Ce que personne ne cache, c'est que, une fois que l'Équateur de l'Assemblée législative est adopté et avec un grave cas de corruption au cœur de Sanchismo qui pourrait encore s'aggraver, il est très probable que la plupart deviennent de plus en plus fragiles parce que tous les partenaires commencent à chercher à se différencier avant la possibilité qu'il y ait des élections dans quelques mois. Aitor Esteban, chef du PNV, un bon connaisseur du Parlement, a parlé cette semaine d'une « coalition négative », dans laquelle le PP et le Vox sont de plus en plus rejoints par les votes de Junts et Podemos, comme cela s'est produit mardi. Mais il y en avait d'autres qui pointaient également, comme le BNG et l'Aragonesiste Chunta, et les compromis ont également montré la distance à d'autres occasions.

De plus, la coalition vit un moment de grande tension interne car l'ajout est pressant pour accélérer l'agenda social et, surtout, pour porter mardi le décret qui étend les permis de main-d'œuvre. La bataille politique entre Yolanda Díaz et Maria Jesús Montero, le ministre des Finances et qui résiste à cette extension qui signifierait une somme d'argent pertinente, est très forte à ces heures.

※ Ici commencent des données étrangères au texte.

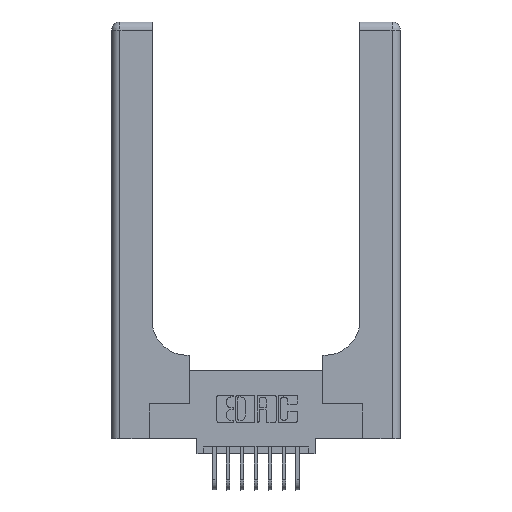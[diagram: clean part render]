
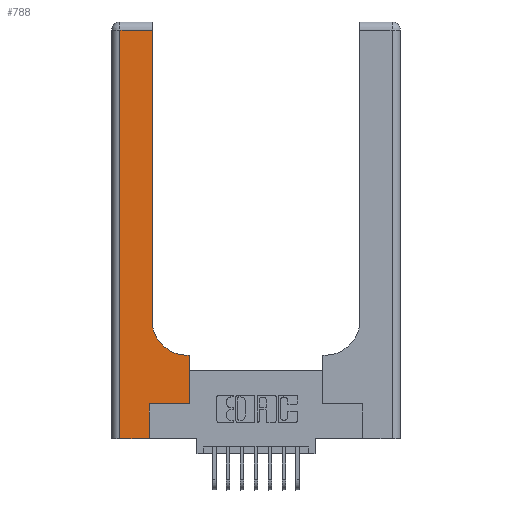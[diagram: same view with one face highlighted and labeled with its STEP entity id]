
A CAD part, top view. The second image highlights one B-rep face of the part: STEP entity #788.
In plain terms, the highlighted planar face has unit normal (0, 0, 1).
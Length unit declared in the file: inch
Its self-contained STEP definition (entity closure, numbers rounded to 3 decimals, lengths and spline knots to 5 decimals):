
#123 = EDGE_CURVE ( 'NONE', #1450, #13014, #13223, .T. ) ;
#527 = VECTOR ( 'NONE', #16344, 39.37008 ) ;
#614 = VERTEX_POINT ( 'NONE', #3269 ) ;
#788 = ADVANCED_FACE ( 'NONE', ( #1397 ), #4072, .F. ) ;
#1180 = CARTESIAN_POINT ( 'NONE',  ( 0., 2.94, 0.37 ) ) ;
#1397 = FACE_OUTER_BOUND ( 'NONE', #3967, .T. ) ;
#1450 = VERTEX_POINT ( 'NONE', #11318 ) ;
#1600 = AXIS2_PLACEMENT_3D ( 'NONE', #15804, #7925, #17116 ) ;
#1740 = EDGE_CURVE ( 'NONE', #13014, #614, #5352, .T. ) ;
#2053 = DIRECTION ( 'NONE',  ( -1., 0., 0. ) ) ;
#2071 = CARTESIAN_POINT ( 'NONE',  ( 0.269, 0., 0.37 ) ) ;
#2165 = DIRECTION ( 'NONE',  ( 0., 1., 0. ) ) ;
#2183 = DIRECTION ( 'NONE',  ( 0., 0., -1. ) ) ;
#2563 = DIRECTION ( 'NONE',  ( -1., 0., 0. ) ) ;
#2913 = DIRECTION ( 'NONE',  ( -1., 0., 0. ) ) ;
#3269 = CARTESIAN_POINT ( 'NONE',  ( 0.5585, 0.25, 0.37 ) ) ;
#3315 = EDGE_CURVE ( 'NONE', #7298, #8488, #8428, .T. ) ;
#3325 = EDGE_CURVE ( 'NONE', #4880, #13211, #4481, .T. ) ;
#3478 = VECTOR ( 'NONE', #2913, 39.37008 ) ;
#3556 = ORIENTED_EDGE ( 'NONE', *, *, #1740, .T. ) ;
#3967 = EDGE_LOOP ( 'NONE', ( #9349, #16342, #16744, #10176, #13641, #3556, #10592, #7488, #14463 ) ) ;
#4072 = PLANE ( 'NONE',  #9795 ) ;
#4123 = LINE ( 'NONE', #8470, #527 ) ;
#4481 = LINE ( 'NONE', #13592, #14149 ) ;
#4782 = CARTESIAN_POINT ( 'NONE',  ( 0., 3., 0.37 ) ) ;
#4880 = VERTEX_POINT ( 'NONE', #13072 ) ;
#5352 = LINE ( 'NONE', #11535, #15041 ) ;
#5462 = CARTESIAN_POINT ( 'NONE',  ( 0.2915, 3., 0.37 ) ) ;
#5702 = CARTESIAN_POINT ( 'NONE',  ( 0.5415, 0.6, 0.37 ) ) ;
#6235 = VECTOR ( 'NONE', #2165, 39.37008 ) ;
#6558 = VERTEX_POINT ( 'NONE', #5702 ) ;
#6999 = LINE ( 'NONE', #16066, #3478 ) ;
#7200 = DIRECTION ( 'NONE',  ( 0., 1., 0. ) ) ;
#7298 = VERTEX_POINT ( 'NONE', #9045 ) ;
#7488 = ORIENTED_EDGE ( 'NONE', *, *, #14859, .T. ) ;
#7641 = VECTOR ( 'NONE', #11055, 39.37008 ) ;
#7668 = EDGE_CURVE ( 'NONE', #13211, #1450, #11551, .T. ) ;
#7713 = EDGE_CURVE ( 'NONE', #614, #10496, #4123, .T. ) ;
#7925 = DIRECTION ( 'NONE',  ( 0., 0., -1. ) ) ;
#8021 = LINE ( 'NONE', #1180, #14579 ) ;
#8085 = EDGE_CURVE ( 'NONE', #6558, #7298, #8866, .T. ) ;
#8428 = LINE ( 'NONE', #5462, #15400 ) ;
#8470 = CARTESIAN_POINT ( 'NONE',  ( 0.5585, 0.25, 0.37 ) ) ;
#8488 = VERTEX_POINT ( 'NONE', #13823 ) ;
#8641 = EDGE_CURVE ( 'NONE', #8488, #4880, #8021, .T. ) ;
#8866 = CIRCLE ( 'NONE', #1600, 0.25 ) ;
#9045 = CARTESIAN_POINT ( 'NONE',  ( 0.2915, 0.85, 0.37 ) ) ;
#9349 = ORIENTED_EDGE ( 'NONE', *, *, #3315, .T. ) ;
#9733 = CARTESIAN_POINT ( 'NONE',  ( 0., 0., 0.37 ) ) ;
#9795 = AXIS2_PLACEMENT_3D ( 'NONE', #4782, #2183, #2053 ) ;
#10040 = CARTESIAN_POINT ( 'NONE',  ( 0.5585, 0.6, 0.37 ) ) ;
#10176 = ORIENTED_EDGE ( 'NONE', *, *, #7668, .T. ) ;
#10496 = VERTEX_POINT ( 'NONE', #10040 ) ;
#10592 = ORIENTED_EDGE ( 'NONE', *, *, #7713, .T. ) ;
#11055 = DIRECTION ( 'NONE',  ( 1., 0., 0. ) ) ;
#11318 = CARTESIAN_POINT ( 'NONE',  ( 0.269, 0., 0.37 ) ) ;
#11535 = CARTESIAN_POINT ( 'NONE',  ( 0.269, 0.25, 0.37 ) ) ;
#11551 = LINE ( 'NONE', #9733, #7641 ) ;
#12024 = DIRECTION ( 'NONE',  ( 1., 0., 0. ) ) ;
#13014 = VERTEX_POINT ( 'NONE', #16749 ) ;
#13072 = CARTESIAN_POINT ( 'NONE',  ( 0.06, 2.94, 0.37 ) ) ;
#13211 = VERTEX_POINT ( 'NONE', #17192 ) ;
#13223 = LINE ( 'NONE', #2071, #6235 ) ;
#13592 = CARTESIAN_POINT ( 'NONE',  ( 0.06, 3., 0.37 ) ) ;
#13641 = ORIENTED_EDGE ( 'NONE', *, *, #123, .T. ) ;
#13823 = CARTESIAN_POINT ( 'NONE',  ( 0.2915, 2.94, 0.37 ) ) ;
#14149 = VECTOR ( 'NONE', #15742, 39.37008 ) ;
#14463 = ORIENTED_EDGE ( 'NONE', *, *, #8085, .T. ) ;
#14579 = VECTOR ( 'NONE', #2563, 39.37008 ) ;
#14859 = EDGE_CURVE ( 'NONE', #10496, #6558, #6999, .T. ) ;
#15041 = VECTOR ( 'NONE', #12024, 39.37008 ) ;
#15400 = VECTOR ( 'NONE', #7200, 39.37008 ) ;
#15742 = DIRECTION ( 'NONE',  ( 0., -1., 0. ) ) ;
#15804 = CARTESIAN_POINT ( 'NONE',  ( 0.5415, 0.85, 0.37 ) ) ;
#16066 = CARTESIAN_POINT ( 'NONE',  ( 0.2915, 0.6, 0.37 ) ) ;
#16342 = ORIENTED_EDGE ( 'NONE', *, *, #8641, .T. ) ;
#16344 = DIRECTION ( 'NONE',  ( 0., 1., 0. ) ) ;
#16744 = ORIENTED_EDGE ( 'NONE', *, *, #3325, .T. ) ;
#16749 = CARTESIAN_POINT ( 'NONE',  ( 0.269, 0.25, 0.37 ) ) ;
#17116 = DIRECTION ( 'NONE',  ( 1., 0., 0. ) ) ;
#17192 = CARTESIAN_POINT ( 'NONE',  ( 0.06, 0., 0.37 ) ) ;

L'ajout est déterminé à appuyer jusqu'à la dernière minute dans un contexte dans lequel Sánchez, avec une roue lundi dans laquelle il veut se vanter de politiques progressistes, devrait essayer de fermer ce front. Díaz essaiera également en septembre de conclure l'accord avec Junts sur la réduction de la journée de travail. Les deux secteurs du gouvernement, bien qu'avec de nombreuses discussions internes sur leur portée, se déplacent ensuite pour essayer de donner du contenu à l'Assemblée législative et essayer de sortir de la sensation permanente de l'agonie. Il n'est pas clair s'ils l'obtiendront. Mais la fin de la saison sera moins difficile pour le gouvernement qu'elle ne semblait un mois et demi, et Sánchez cherchera toujours un tour pour essayer de récupérer la crédibilité perdue.